Sansón Mieles se mantuvo callado largo rato.

– No pienso disuadirte de lo que planeas -dijo por fin-. No te voy a distraer con, como has dicho tan bien, ruido y pérdida de tiempo. Incluso me guardo mi opinión acerca de la insensatez o no de la empresa. No quiero tampoco empeorar el asunto añadiéndote además remordimientos de conciencia. Sé consciente, sin embargo, Reinmar, de que al irte destruyes mis esperanzas de regresar a mi propio mundo y a mi propia forma.

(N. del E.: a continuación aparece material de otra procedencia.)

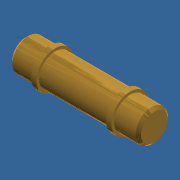
# Autodesk Inventor part: Welle 5x4+6x15+5x4
Saved by Autodesk Inventor 2016 (Build 200138000, 138)
## iProperties
Created: 2015-09-10
Part Number: Welle 5x4+6x15+5x4
Material: Messing, weicher Gelbton
Document SubType Name: Modeling
Designer: 4ndreas
Density: 8.47 g/cm^3
Appearance: Messing - satiniert
Mass: 6.67006 g
Surface Area: 5.92098 cm^2
Volume: 0.787493 cm^3
CustomPartVersion: 1
Author: 4ndreas
Autodesk Inventor part; units mm, degrees
ref_plane "Startebene" through (0, 0, 0) normal (1, 0, 0) x (0, 1, 0)
ref_plane "XZ Plane" through (0, 0, 0) normal (0, 1, 0) x (-1, 0, 0)
ref_plane "XY Plane" through (0, 0, 0) normal (0, 0, 1) x (1, 0, 0)
sketch "Hauptskizze" plane through (0, 0, 0) normal (0, 0, 1) x (1, 0, 0)
  line L0 (0, 0) -> (25, 0)
  line L1 (0, 0) -> (0, 2.5)
  line L2 (0, 2.5) -> (5, 2.5)
  line L3 (5, 2.5) -> (5, 4)
  line L4 (6, 4) -> (6, 3.5)
  line L5 (5, 4) -> (6, 4)
  line L6 (6, 3.5) -> (19, 3.5)
  line L7 (20, 4) -> (20, 2.5)
  line L8 (19, 4) -> (20, 4)
  line L9 (25, 2.5) -> (25, 0)
  line L10 (20, 2.5) -> (25, 2.5)
  line L11 (19, 3.5) -> (19, 4)
  dimension "d3" = 5
  dimension "d4" = 8
  dimension "d5" = 7
  dimension "d13" = 8
  dimension "d14" = 5
  constraints: 24 end point, 6 vertical, 1 horizontal
  measures "d3" diameter of L2 L0
  measures "d4" diameter of L5 L0
  measures "d5" diameter of L6 L0
  measures "d13" diameter of L8 L0
  measures "d14" diameter of L10 L0
revolve "Umdrehung1" add sketch "Hauptskizze" angle 360 about axis through (0, 0, 0) along (1, 0, 0)
chamfer "Fase5" distance 0.5 angle 45 1 edges at (19, -4, 0) measured on face at (19.3333, 3.987, -0.3219)
chamfer "Fase4" distance 0.5 angle 45 1 edges at (6, -4, 0) measured on face at (5.3333, 3.987, -0.3219)
chamfer "Fase3" distance 0.5 angle 45 1 edges at (25, -2.5, 0) measured on face at (21.6667, 2.4676, -0.401)
chamfer "Fase1" distance 0.5 angle 45 1 edges at (0, -2.5, 0) measured on face at (1.6667, 2.4676, -0.401)

Reynevan guardó un largo silencio.

– Sansón -dijo por fin-. Responde. Sinceramente, si puedes. Eres de verdad… Acaso eres… Lo que dijiste sobre ti mismo… ¿Quién eres?

– Ego sum, qui sum -lo interrumpió Sansón con voz amable-. Soy quien soy. Ahorrémonos las confesiones de despedida. Nada dan, nada justifican y nada cambian.

– Scharley es persona de mundo y de inventiva -dijo rápido Reynevan-. En Hungría, verás, en poco tiempo conseguirá contactarte con alguien que…

– Vete ya. Vete, Reinmar.

Todo el valle estaba inundado por la niebla. Por suerte yacía baja, junto al suelo, gracias a lo cual no parecía que fuera a extraviarse, al menos de momento. Se veía por dónde discurría el camino. La senda estaba clara y visiblemente marcada por una línea de sauces torcidos, perales silvestres y arbustos de escaramujo que sobresalían de la blanca bruma. Aparte de ello, a lo lejos, en la oscuridad, parpadeaba mostrándole el camino una borrosa lucecita bailarina: la lámpara del grupo de Hayn von Czirne.

Hacía mucho frío. Cuando Reynevan cruzó el puente sobre el Jadkowa y entró en la niebla le dio la sensación de que se sumergía en agua helada. Al fin y al cabo, pensó, estamos ya en septiembre.

Los bancos de niebla que se extendían a su alrededor producían en suma una visibilidad bastante buena a los lados, al reflejar la luz. Sin embargo, Reynevan cabalgaba en la más absoluta oscuridad, apenas veía las orejas del caballo. La mayor oscuridad reinaba, paradójicamente, en el propio camino, a la sombra de los árboles y densos arbustos. Estos últimos tenían a menudo unas siluetas tan sugestivamente demoniacas que al joven le asaltaban a trechos unos escalofríos que le hacían tirar inconscientemente de las riendas, asustando al ya de por sí aterrorizado alazán. Seguía cabalgando mientras se reía para sus adentros de su miedo. ¿Cómo se podía, diablos, temer a unos arbustos?

De pronto dos arbustos le cortaron el camino, un tercero le arrancó las riendas. Y un cuarto le apretó algo contra el pecho que sólo podía ser la punta de una lanza.

Alrededor se oía el golpeteo de cascos de caballos, se extendió un olor a sudor humano y animal. Un pedernal chisporroteó, se vieron unas chispas, se encendieran unas linternas. Reynevan entrecerró los ojos y se inclinó en la silla porque le pusieron una linterna casi en la cara.